Within the entries below, the lines from the one with "#324=DIRECTION('',(0.,0.,-1.));" through the one with "#344=ORIENTED_EDGE('',*,*,#343,.F.);" are to be set down exactly, both ends kept.
━━ Input data
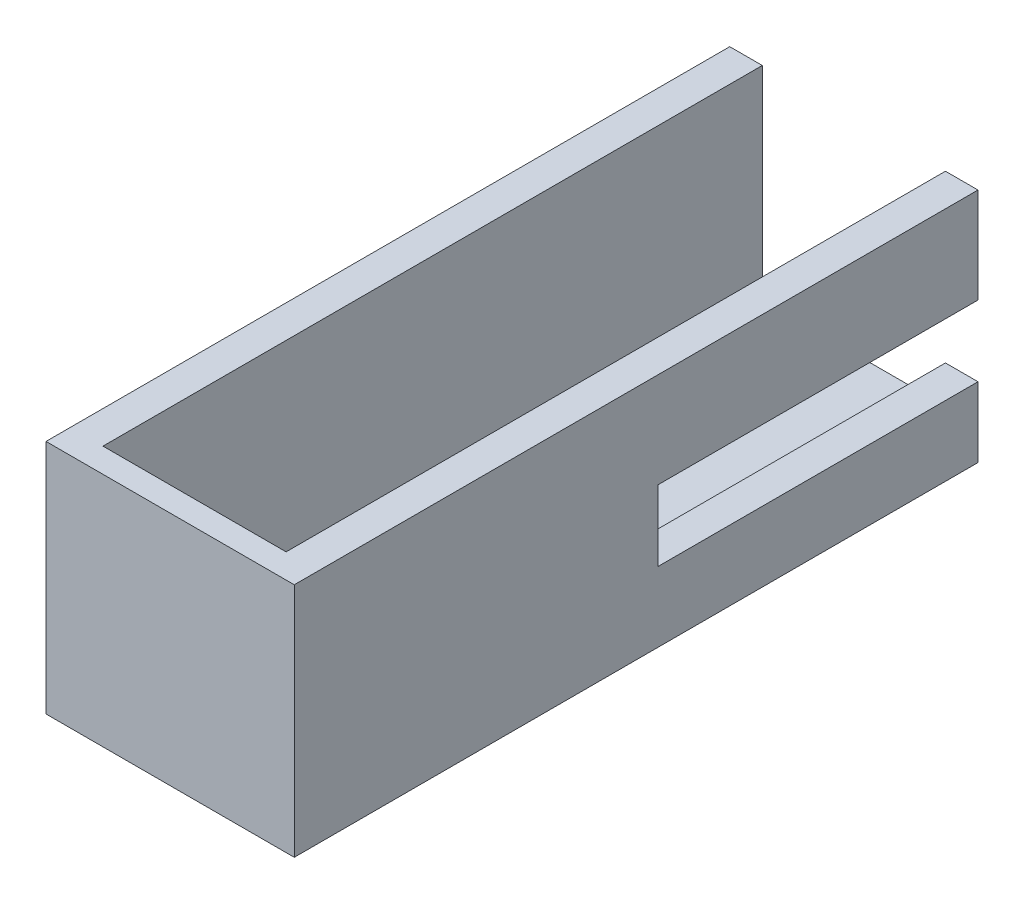
ISO-10303-21;
HEADER;
FILE_DESCRIPTION(('STEP AP214'),'2;1');
FILE_NAME('part.step','',(''),(''),'','','');
FILE_SCHEMA(('AUTOMOTIVE_DESIGN { 1 0 10303 214 1 1 1 1 }'));
ENDSEC;
DATA;
#1=APPLICATION_CONTEXT('core data for automotive mechanical design processes');
#2=APPLICATION_PROTOCOL_DEFINITION('international standard','automotive_design',2000,#1);
#3=PRODUCT_CONTEXT('',#1,'mechanical');
#4=PRODUCT('Part','Part','',(#3));
#5=PRODUCT_RELATED_PRODUCT_CATEGORY('part','',(#4));
#6=PRODUCT_DEFINITION_FORMATION('','',#4);
#7=PRODUCT_DEFINITION_CONTEXT('part definition',#1,'design');
#8=PRODUCT_DEFINITION('design','',#6,#7);
#9=PRODUCT_DEFINITION_SHAPE('','',#8);
#10=(LENGTH_UNIT() NAMED_UNIT(*) SI_UNIT(.MILLI.,.METRE.));
#11=(NAMED_UNIT(*) PLANE_ANGLE_UNIT() SI_UNIT($,.RADIAN.));
#12=(NAMED_UNIT(*) SI_UNIT($,.STERADIAN.) SOLID_ANGLE_UNIT());
#13=UNCERTAINTY_MEASURE_WITH_UNIT(LENGTH_MEASURE(1.E-05),#10,'distance_accuracy_value','');
#14=(GEOMETRIC_REPRESENTATION_CONTEXT(3) GLOBAL_UNCERTAINTY_ASSIGNED_CONTEXT((#13)) GLOBAL_UNIT_ASSIGNED_CONTEXT((#10,
#11,#12)) REPRESENTATION_CONTEXT('',''));
#15=CARTESIAN_POINT('',(0.,0.,0.));
#16=DIRECTION('',(0.,0.,1.));
#17=DIRECTION('',(1.,0.,0.));
#18=AXIS2_PLACEMENT_3D('',#15,#16,#17);
#19=CARTESIAN_POINT('',(12.6513513513514,-25.,42.));
#20=DIRECTION('',(1.,0.,0.));
#21=DIRECTION('',(0.,0.,-1.));
#22=AXIS2_PLACEMENT_3D('',#19,#20,#21);
#23=PLANE('',#22);
#24=DIRECTION('',(0.,0.,-1.));
#25=VECTOR('',#24,1.);
#26=CARTESIAN_POINT('',(12.6513513513514,-11.7079955572935,42.));
#27=LINE('',#26,#25);
#28=CARTESIAN_POINT('',(12.6513513513514,-11.7079955572935,-2.65905185019667));
#29=VERTEX_POINT('',#28);
#30=CARTESIAN_POINT('',(12.6513513513514,-11.7079955572935,-42.));
#31=VERTEX_POINT('',#30);
#32=EDGE_CURVE('E166',#29,#31,#27,.T.);
#33=ORIENTED_EDGE('',*,*,#32,.F.);
#34=DIRECTION('',(0.,1.,0.));
#35=VECTOR('',#34,1.);
#36=CARTESIAN_POINT('',(12.6513513513514,-25.,-2.65905185019667));
#37=LINE('',#36,#35);
#38=CARTESIAN_POINT('',(12.6513513513514,-20.3979955572935,-2.65905185019667));
#39=VERTEX_POINT('',#38);
#40=EDGE_CURVE('E169',#39,#29,#37,.T.);
#41=ORIENTED_EDGE('',*,*,#40,.F.);
#42=DIRECTION('',(0.,0.,1.));
#43=VECTOR('',#42,1.);
#44=CARTESIAN_POINT('',(12.6513513513514,-20.3979955572935,42.));
#45=LINE('',#44,#43);
#46=CARTESIAN_POINT('',(12.6513513513514,-20.3979955572935,-42.));
#47=VERTEX_POINT('',#46);
#48=EDGE_CURVE('E149',#47,#39,#45,.T.);
#49=ORIENTED_EDGE('',*,*,#48,.F.);
#50=DIRECTION('',(0.,-1.,0.));
#51=VECTOR('',#50,1.);
#52=CARTESIAN_POINT('',(12.6513513513514,-25.,-42.));
#53=LINE('',#52,#51);
#54=CARTESIAN_POINT('',(12.6513513513514,-25.,-42.));
#55=VERTEX_POINT('',#54);
#56=EDGE_CURVE('E210',#47,#55,#53,.T.);
#57=ORIENTED_EDGE('',*,*,#56,.T.);
#58=DIRECTION('',(0.,0.,-1.));
#59=VECTOR('',#58,1.);
#60=CARTESIAN_POINT('',(12.6513513513514,-25.,42.));
#61=LINE('',#60,#59);
#62=CARTESIAN_POINT('',(12.6513513513514,-25.,39.));
#63=VERTEX_POINT('',#62);
#64=EDGE_CURVE('E226',#63,#55,#61,.T.);
#65=ORIENTED_EDGE('',*,*,#64,.F.);
#66=DIRECTION('',(0.,-1.,0.));
#67=VECTOR('',#66,1.);
#68=CARTESIAN_POINT('',(12.6513513513514,-25.,39.));
#69=LINE('',#68,#67);
#70=CARTESIAN_POINT('',(12.6513513513514,0.,39.));
#71=VERTEX_POINT('',#70);
#72=EDGE_CURVE('E178',#71,#63,#69,.T.);
#73=ORIENTED_EDGE('',*,*,#72,.F.);
#74=DIRECTION('',(0.,0.,-1.));
#75=VECTOR('',#74,1.);
#76=CARTESIAN_POINT('',(12.6513513513514,0.,42.));
#77=LINE('',#76,#75);
#78=CARTESIAN_POINT('',(12.6513513513514,0.,-42.));
#79=VERTEX_POINT('',#78);
#80=EDGE_CURVE('E230',#71,#79,#77,.T.);
#81=ORIENTED_EDGE('',*,*,#80,.T.);
#82=EDGE_CURVE('E211',#79,#31,#53,.T.);
#83=ORIENTED_EDGE('',*,*,#82,.T.);
#84=EDGE_LOOP('',(#33,#41,#49,#57,#65,#73,#81,#83));
#85=FACE_BOUND('',#84,.T.);
#86=ADVANCED_FACE('F39',(#85),#23,.F.);
#87=CARTESIAN_POINT('',(16.6513513513514,0.,42.));
#88=DIRECTION('',(-1.,0.,0.));
#89=DIRECTION('',(0.,-1.,0.));
#90=AXIS2_PLACEMENT_3D('',#87,#88,#89);
#91=PLANE('',#90);
#92=DIRECTION('',(0.,0.,1.));
#93=VECTOR('',#92,1.);
#94=CARTESIAN_POINT('',(16.6513513513514,-11.7079955572935,42.));
#95=LINE('',#94,#93);
#96=CARTESIAN_POINT('',(16.6513513513514,-11.7079955572935,-42.));
#97=VERTEX_POINT('',#96);
#98=CARTESIAN_POINT('',(16.6513513513514,-11.7079955572935,-2.65905185019667));
#99=VERTEX_POINT('',#98);
#100=EDGE_CURVE('E160',#97,#99,#95,.T.);
#101=ORIENTED_EDGE('',*,*,#100,.F.);
#102=DIRECTION('',(0.,1.,0.));
#103=VECTOR('',#102,1.);
#104=CARTESIAN_POINT('',(16.6513513513514,0.,-42.));
#105=LINE('',#104,#103);
#106=CARTESIAN_POINT('',(16.6513513513514,0.,-42.));
#107=VERTEX_POINT('',#106);
#108=EDGE_CURVE('E203',#97,#107,#105,.T.);
#109=ORIENTED_EDGE('',*,*,#108,.T.);
#110=DIRECTION('',(0.,0.,-1.));
#111=VECTOR('',#110,1.);
#112=CARTESIAN_POINT('',(16.6513513513514,0.,42.));
#113=LINE('',#112,#111);
#114=CARTESIAN_POINT('',(16.6513513513514,0.,42.));
#115=VERTEX_POINT('',#114);
#116=EDGE_CURVE('E233',#115,#107,#113,.T.);
#117=ORIENTED_EDGE('',*,*,#116,.F.);
#118=DIRECTION('',(0.,1.,0.));
#119=VECTOR('',#118,1.);
#120=CARTESIAN_POINT('',(16.6513513513514,0.,42.));
#121=LINE('',#120,#119);
#122=CARTESIAN_POINT('',(16.6513513513514,-29.,42.));
#123=VERTEX_POINT('',#122);
#124=EDGE_CURVE('E190',#123,#115,#121,.T.);
#125=ORIENTED_EDGE('',*,*,#124,.F.);
#126=DIRECTION('',(0.,0.,-1.));
#127=VECTOR('',#126,1.);
#128=CARTESIAN_POINT('',(16.6513513513514,-29.,42.));
#129=LINE('',#128,#127);
#130=CARTESIAN_POINT('',(16.6513513513514,-29.,-42.));
#131=VERTEX_POINT('',#130);
#132=EDGE_CURVE('E236',#123,#131,#129,.T.);
#133=ORIENTED_EDGE('',*,*,#132,.T.);
#134=CARTESIAN_POINT('',(16.6513513513514,-20.3979955572935,-42.));
#135=VERTEX_POINT('',#134);
#136=EDGE_CURVE('E155',#131,#135,#105,.T.);
#137=ORIENTED_EDGE('',*,*,#136,.T.);
#138=DIRECTION('',(0.,0.,-1.));
#139=VECTOR('',#138,1.);
#140=CARTESIAN_POINT('',(16.6513513513514,-20.3979955572935,42.));
#141=LINE('',#140,#139);
#142=CARTESIAN_POINT('',(16.6513513513514,-20.3979955572935,-2.65905185019667));
#143=VERTEX_POINT('',#142);
#144=EDGE_CURVE('E55',#143,#135,#141,.T.);
#145=ORIENTED_EDGE('',*,*,#144,.F.);
#146=DIRECTION('',(0.,-1.,0.));
#147=VECTOR('',#146,1.);
#148=CARTESIAN_POINT('',(16.6513513513514,0.,-2.65905185019667));
#149=LINE('',#148,#147);
#150=EDGE_CURVE('E11',#99,#143,#149,.T.);
#151=ORIENTED_EDGE('',*,*,#150,.F.);
#152=EDGE_LOOP('',(#101,#109,#117,#125,#133,#137,#145,#151));
#153=FACE_BOUND('',#152,.T.);
#154=ADVANCED_FACE('F153',(#153),#91,.F.);
#155=CARTESIAN_POINT('',(0.,0.,-42.));
#156=DIRECTION('',(0.,0.,-1.));
#157=DIRECTION('',(-1.,0.,0.));
#158=AXIS2_PLACEMENT_3D('',#155,#156,#157);
#159=PLANE('',#158);
#160=ORIENTED_EDGE('',*,*,#108,.F.);
#161=DIRECTION('',(-1.,0.,0.));
#162=VECTOR('',#161,1.);
#163=CARTESIAN_POINT('',(0.,-11.7079955572935,-42.));
#164=LINE('',#163,#162);
#165=EDGE_CURVE('E48',#97,#31,#164,.T.);
#166=ORIENTED_EDGE('',*,*,#165,.T.);
#167=ORIENTED_EDGE('',*,*,#82,.F.);
#168=DIRECTION('',(-1.,0.,0.));
#169=VECTOR('',#168,1.);
#170=CARTESIAN_POINT('',(12.6513513513514,0.,-42.));
#171=LINE('',#170,#169);
#172=EDGE_CURVE('E206',#107,#79,#171,.T.);
#173=ORIENTED_EDGE('',*,*,#172,.F.);
#174=EDGE_LOOP('',(#160,#166,#167,#173));
#175=FACE_BOUND('',#174,.T.);
#176=ADVANCED_FACE('F255',(#175),#159,.T.);
#177=ORIENTED_EDGE('',*,*,#56,.F.);
#178=DIRECTION('',(1.,0.,0.));
#179=VECTOR('',#178,1.);
#180=CARTESIAN_POINT('',(0.,-20.3979955572935,-42.));
#181=LINE('',#180,#179);
#182=EDGE_CURVE('E248',#47,#135,#181,.T.);
#183=ORIENTED_EDGE('',*,*,#182,.T.);
#184=ORIENTED_EDGE('',*,*,#136,.F.);
#185=DIRECTION('',(1.,0.,0.));
#186=VECTOR('',#185,1.);
#187=CARTESIAN_POINT('',(16.6513513513514,-29.,-42.));
#188=LINE('',#187,#186);
#189=CARTESIAN_POINT('',(-13.8486486486486,-29.,-42.));
#190=VERTEX_POINT('',#189);
#191=EDGE_CURVE('E199',#190,#131,#188,.T.);
#192=ORIENTED_EDGE('',*,*,#191,.F.);
#193=DIRECTION('',(0.,-1.,0.));
#194=VECTOR('',#193,1.);
#195=CARTESIAN_POINT('',(-13.8486486486486,-29.,-42.));
#196=LINE('',#195,#194);
#197=CARTESIAN_POINT('',(-13.8486486486486,0.,-42.));
#198=VERTEX_POINT('',#197);
#199=EDGE_CURVE('E195',#198,#190,#196,.T.);
#200=ORIENTED_EDGE('',*,*,#199,.F.);
#201=DIRECTION('',(-1.,0.,0.));
#202=VECTOR('',#201,1.);
#203=CARTESIAN_POINT('',(-13.8486486486486,0.,-42.));
#204=LINE('',#203,#202);
#205=CARTESIAN_POINT('',(-9.84864864864864,0.,-42.));
#206=VERTEX_POINT('',#205);
#207=EDGE_CURVE('E181',#206,#198,#204,.T.);
#208=ORIENTED_EDGE('',*,*,#207,.F.);
#209=DIRECTION('',(0.,1.,0.));
#210=VECTOR('',#209,1.);
#211=CARTESIAN_POINT('',(-9.84864864864864,0.,-42.));
#212=LINE('',#211,#210);
#213=CARTESIAN_POINT('',(-9.84864864864863,-25.,-42.));
#214=VERTEX_POINT('',#213);
#215=EDGE_CURVE('E184',#214,#206,#212,.T.);
#216=ORIENTED_EDGE('',*,*,#215,.F.);
#217=DIRECTION('',(-1.,0.,0.));
#218=VECTOR('',#217,1.);
#219=CARTESIAN_POINT('',(-9.84864864864863,-25.,-42.));
#220=LINE('',#219,#218);
#221=EDGE_CURVE('E215',#55,#214,#220,.T.);
#222=ORIENTED_EDGE('',*,*,#221,.F.);
#223=EDGE_LOOP('',(#177,#183,#184,#192,#200,#208,#216,#222));
#224=FACE_BOUND('',#223,.T.);
#225=ADVANCED_FACE('F276',(#224),#159,.T.);
#226=CARTESIAN_POINT('',(-9.84864864864863,-25.,42.));
#227=DIRECTION('',(0.,-1.,0.));
#228=DIRECTION('',(0.,0.,-1.));
#229=AXIS2_PLACEMENT_3D('',#226,#227,#228);
#230=PLANE('',#229);
#231=DIRECTION('',(-1.,0.,0.));
#232=VECTOR('',#231,1.);
#233=CARTESIAN_POINT('',(-9.84864864864863,-25.,39.));
#234=LINE('',#233,#232);
#235=CARTESIAN_POINT('',(-9.84864864864863,-25.,39.));
#236=VERTEX_POINT('',#235);
#237=EDGE_CURVE('E175',#63,#236,#234,.T.);
#238=ORIENTED_EDGE('',*,*,#237,.F.);
#239=ORIENTED_EDGE('',*,*,#64,.T.);
#240=ORIENTED_EDGE('',*,*,#221,.T.);
#241=DIRECTION('',(0.,0.,-1.));
#242=VECTOR('',#241,1.);
#243=CARTESIAN_POINT('',(-9.84864864864863,-25.,42.));
#244=LINE('',#243,#242);
#245=EDGE_CURVE('E223',#236,#214,#244,.T.);
#246=ORIENTED_EDGE('',*,*,#245,.F.);
#247=EDGE_LOOP('',(#238,#239,#240,#246));
#248=FACE_BOUND('',#247,.T.);
#249=ADVANCED_FACE('F273',(#248),#230,.F.);
#250=CARTESIAN_POINT('',(-9.84864864864864,0.,42.));
#251=DIRECTION('',(-1.,0.,0.));
#252=DIRECTION('',(0.,-1.,0.));
#253=AXIS2_PLACEMENT_3D('',#250,#251,#252);
#254=PLANE('',#253);
#255=DIRECTION('',(0.,1.,0.));
#256=VECTOR('',#255,1.);
#257=CARTESIAN_POINT('',(-9.84864864864864,0.,39.));
#258=LINE('',#257,#256);
#259=CARTESIAN_POINT('',(-9.84864864864864,0.,39.));
#260=VERTEX_POINT('',#259);
#261=EDGE_CURVE('E245',#236,#260,#258,.T.);
#262=ORIENTED_EDGE('',*,*,#261,.F.);
#263=ORIENTED_EDGE('',*,*,#245,.T.);
#264=ORIENTED_EDGE('',*,*,#215,.T.);
#265=DIRECTION('',(0.,0.,-1.));
#266=VECTOR('',#265,1.);
#267=CARTESIAN_POINT('',(-9.84864864864864,0.,42.));
#268=LINE('',#267,#266);
#269=EDGE_CURVE('E98',#260,#206,#268,.T.);
#270=ORIENTED_EDGE('',*,*,#269,.F.);
#271=EDGE_LOOP('',(#262,#263,#264,#270));
#272=FACE_BOUND('',#271,.T.);
#273=ADVANCED_FACE('F281',(#272),#254,.F.);
#274=CARTESIAN_POINT('',(-13.8486486486486,-29.,42.));
#275=DIRECTION('',(1.,0.,0.));
#276=DIRECTION('',(0.,1.,0.));
#277=AXIS2_PLACEMENT_3D('',#274,#275,#276);
#278=PLANE('',#277);
#279=DIRECTION('',(0.,0.,-1.));
#280=VECTOR('',#279,1.);
#281=CARTESIAN_POINT('',(-13.8486486486486,0.,42.));
#282=LINE('',#281,#280);
#283=CARTESIAN_POINT('',(-13.8486486486486,0.,42.));
#284=VERTEX_POINT('',#283);
#285=EDGE_CURVE('E242',#284,#198,#282,.T.);
#286=ORIENTED_EDGE('',*,*,#285,.T.);
#287=ORIENTED_EDGE('',*,*,#199,.T.);
#288=DIRECTION('',(0.,0.,-1.));
#289=VECTOR('',#288,1.);
#290=CARTESIAN_POINT('',(-13.8486486486486,-29.,42.));
#291=LINE('',#290,#289);
#292=CARTESIAN_POINT('',(-13.8486486486486,-29.,42.));
#293=VERTEX_POINT('',#292);
#294=EDGE_CURVE('E239',#293,#190,#291,.T.);
#295=ORIENTED_EDGE('',*,*,#294,.F.);
#296=DIRECTION('',(0.,-1.,0.));
#297=VECTOR('',#296,1.);
#298=CARTESIAN_POINT('',(-13.8486486486486,-29.,42.));
#299=LINE('',#298,#297);
#300=EDGE_CURVE('E105',#284,#293,#299,.T.);
#301=ORIENTED_EDGE('',*,*,#300,.F.);
#302=EDGE_LOOP('',(#286,#287,#295,#301));
#303=FACE_BOUND('',#302,.T.);
#304=ADVANCED_FACE('F41',(#303),#278,.F.);
#305=CARTESIAN_POINT('',(16.6513513513514,-29.,42.));
#306=DIRECTION('',(0.,1.,0.));
#307=DIRECTION('',(-1.,0.,0.));
#308=AXIS2_PLACEMENT_3D('',#305,#306,#307);
#309=PLANE('',#308);
#310=ORIENTED_EDGE('',*,*,#294,.T.);
#311=ORIENTED_EDGE('',*,*,#191,.T.);
#312=ORIENTED_EDGE('',*,*,#132,.F.);
#313=DIRECTION('',(1.,0.,0.));
#314=VECTOR('',#313,1.);
#315=CARTESIAN_POINT('',(16.6513513513514,-29.,42.));
#316=LINE('',#315,#314);
#317=EDGE_CURVE('E187',#293,#123,#316,.T.);
#318=ORIENTED_EDGE('',*,*,#317,.F.);
#319=EDGE_LOOP('',(#310,#311,#312,#318));
#320=FACE_BOUND('',#319,.T.);
#321=ADVANCED_FACE('F306',(#320),#309,.F.);
#322=CARTESIAN_POINT('',(12.6513513513514,0.,42.));
#323=DIRECTION('',(0.,-1.,0.));
#324=DIRECTION('',(0.,0.,-1.));
#325=AXIS2_PLACEMENT_3D('',#322,#323,#324);
#326=PLANE('',#325);
#327=ORIENTED_EDGE('',*,*,#116,.T.);
#328=ORIENTED_EDGE('',*,*,#172,.T.);
#329=ORIENTED_EDGE('',*,*,#80,.F.);
#330=DIRECTION('',(-1.,0.,0.));
#331=VECTOR('',#330,1.);
#332=CARTESIAN_POINT('',(-13.8486486486486,0.,39.));
#333=LINE('',#332,#331);
#334=EDGE_CURVE('E172',#71,#260,#333,.T.);
#335=ORIENTED_EDGE('',*,*,#334,.T.);
#336=ORIENTED_EDGE('',*,*,#269,.T.);
#337=ORIENTED_EDGE('',*,*,#207,.T.);
#338=ORIENTED_EDGE('',*,*,#285,.F.);
#339=DIRECTION('',(-1.,0.,0.));
#340=VECTOR('',#339,1.);
#341=CARTESIAN_POINT('',(-13.8486486486486,0.,42.));
#342=LINE('',#341,#340);
#343=EDGE_CURVE('E64',#115,#284,#342,.T.);
#344=ORIENTED_EDGE('',*,*,#343,.F.);
#345=EDGE_LOOP('',(#327,#328,#329,#335,#336,#337,#338,#344));
#346=FACE_BOUND('',#345,.T.);
#347=ADVANCED_FACE('F263',(#346),#326,.F.);
#348=CARTESIAN_POINT('',(0.,0.,42.));
#349=DIRECTION('',(0.,0.,-1.));
#350=DIRECTION('',(-1.,0.,0.));
#351=AXIS2_PLACEMENT_3D('',#348,#349,#350);
#352=PLANE('',#351);
#353=ORIENTED_EDGE('',*,*,#343,.T.);
#354=ORIENTED_EDGE('',*,*,#300,.T.);
#355=ORIENTED_EDGE('',*,*,#317,.T.);
#356=ORIENTED_EDGE('',*,*,#124,.T.);
#357=EDGE_LOOP('',(#353,#354,#355,#356));
#358=FACE_BOUND('',#357,.T.);
#359=ADVANCED_FACE('F285',(#358),#352,.F.);
#360=CARTESIAN_POINT('',(0.,0.,39.));
#361=DIRECTION('',(0.,0.,1.));
#362=DIRECTION('',(1.,0.,0.));
#363=AXIS2_PLACEMENT_3D('',#360,#361,#362);
#364=PLANE('',#363);
#365=ORIENTED_EDGE('',*,*,#334,.F.);
#366=ORIENTED_EDGE('',*,*,#72,.T.);
#367=ORIENTED_EDGE('',*,*,#237,.T.);
#368=ORIENTED_EDGE('',*,*,#261,.T.);
#369=EDGE_LOOP('',(#365,#366,#367,#368));
#370=FACE_BOUND('',#369,.T.);
#371=ADVANCED_FACE('F283',(#370),#364,.F.);
#372=CARTESIAN_POINT('',(30.,-20.3979955572935,-2.65905185019667));
#373=DIRECTION('',(0.,0.,-1.));
#374=DIRECTION('',(-1.,0.,0.));
#375=AXIS2_PLACEMENT_3D('',#372,#373,#374);
#376=PLANE('',#375);
#377=ORIENTED_EDGE('',*,*,#40,.T.);
#378=DIRECTION('',(-1.,0.,0.));
#379=VECTOR('',#378,1.);
#380=CARTESIAN_POINT('',(30.,-11.7079955572935,-2.65905185019667));
#381=LINE('',#380,#379);
#382=EDGE_CURVE('E144',#99,#29,#381,.T.);
#383=ORIENTED_EDGE('',*,*,#382,.F.);
#384=ORIENTED_EDGE('',*,*,#150,.T.);
#385=DIRECTION('',(-1.,0.,0.));
#386=VECTOR('',#385,1.);
#387=CARTESIAN_POINT('',(30.,-20.3979955572935,-2.65905185019667));
#388=LINE('',#387,#386);
#389=EDGE_CURVE('E141',#143,#39,#388,.T.);
#390=ORIENTED_EDGE('',*,*,#389,.T.);
#391=EDGE_LOOP('',(#377,#383,#384,#390));
#392=FACE_BOUND('',#391,.T.);
#393=ADVANCED_FACE('F140',(#392),#376,.T.);
#394=CARTESIAN_POINT('',(30.,-11.7079955572935,-2.65905185019667));
#395=DIRECTION('',(0.,-1.,0.));
#396=DIRECTION('',(0.,0.,-1.));
#397=AXIS2_PLACEMENT_3D('',#394,#395,#396);
#398=PLANE('',#397);
#399=ORIENTED_EDGE('',*,*,#32,.T.);
#400=ORIENTED_EDGE('',*,*,#165,.F.);
#401=ORIENTED_EDGE('',*,*,#100,.T.);
#402=ORIENTED_EDGE('',*,*,#382,.T.);
#403=EDGE_LOOP('',(#399,#400,#401,#402));
#404=FACE_BOUND('',#403,.T.);
#405=ADVANCED_FACE('F291',(#404),#398,.T.);
#406=CARTESIAN_POINT('',(30.,-20.3979955572935,-2.65905185019667));
#407=DIRECTION('',(0.,1.,0.));
#408=DIRECTION('',(0.,0.,1.));
#409=AXIS2_PLACEMENT_3D('',#406,#407,#408);
#410=PLANE('',#409);
#411=ORIENTED_EDGE('',*,*,#48,.T.);
#412=ORIENTED_EDGE('',*,*,#389,.F.);
#413=ORIENTED_EDGE('',*,*,#144,.T.);
#414=ORIENTED_EDGE('',*,*,#182,.F.);
#415=EDGE_LOOP('',(#411,#412,#413,#414));
#416=FACE_BOUND('',#415,.T.);
#417=ADVANCED_FACE('F147',(#416),#410,.T.);
#418=CLOSED_SHELL('',(#86,#154,#176,#225,#249,#273,#304,#321,#347,#359,#371,#393,#405,#417));
#419=MANIFOLD_SOLID_BREP('B2',#418);
#420=ADVANCED_BREP_SHAPE_REPRESENTATION('',(#18,#419),#14);
#421=SHAPE_DEFINITION_REPRESENTATION(#9,#420);
ENDSEC;
END-ISO-10303-21;
━━━━
Solution for this problem:
#324=DIRECTION('',(0.,0.,-1.));
#325=AXIS2_PLACEMENT_3D('',#322,#323,#324);
#326=PLANE('',#325);
#327=ORIENTED_EDGE('',*,*,#116,.T.);
#328=ORIENTED_EDGE('',*,*,#172,.T.);
#329=ORIENTED_EDGE('',*,*,#80,.F.);
#330=DIRECTION('',(-1.,0.,0.));
#331=VECTOR('',#330,1.);
#332=CARTESIAN_POINT('',(-13.8486486486486,0.,39.));
#333=LINE('',#332,#331);
#334=EDGE_CURVE('E172',#71,#260,#333,.T.);
#335=ORIENTED_EDGE('',*,*,#334,.T.);
#336=ORIENTED_EDGE('',*,*,#269,.T.);
#337=ORIENTED_EDGE('',*,*,#207,.T.);
#338=ORIENTED_EDGE('',*,*,#285,.F.);
#339=DIRECTION('',(-1.,0.,0.));
#340=VECTOR('',#339,1.);
#341=CARTESIAN_POINT('',(-13.8486486486486,0.,42.));
#342=LINE('',#341,#340);
#343=EDGE_CURVE('E64',#115,#284,#342,.T.);
#344=ORIENTED_EDGE('',*,*,#343,.F.);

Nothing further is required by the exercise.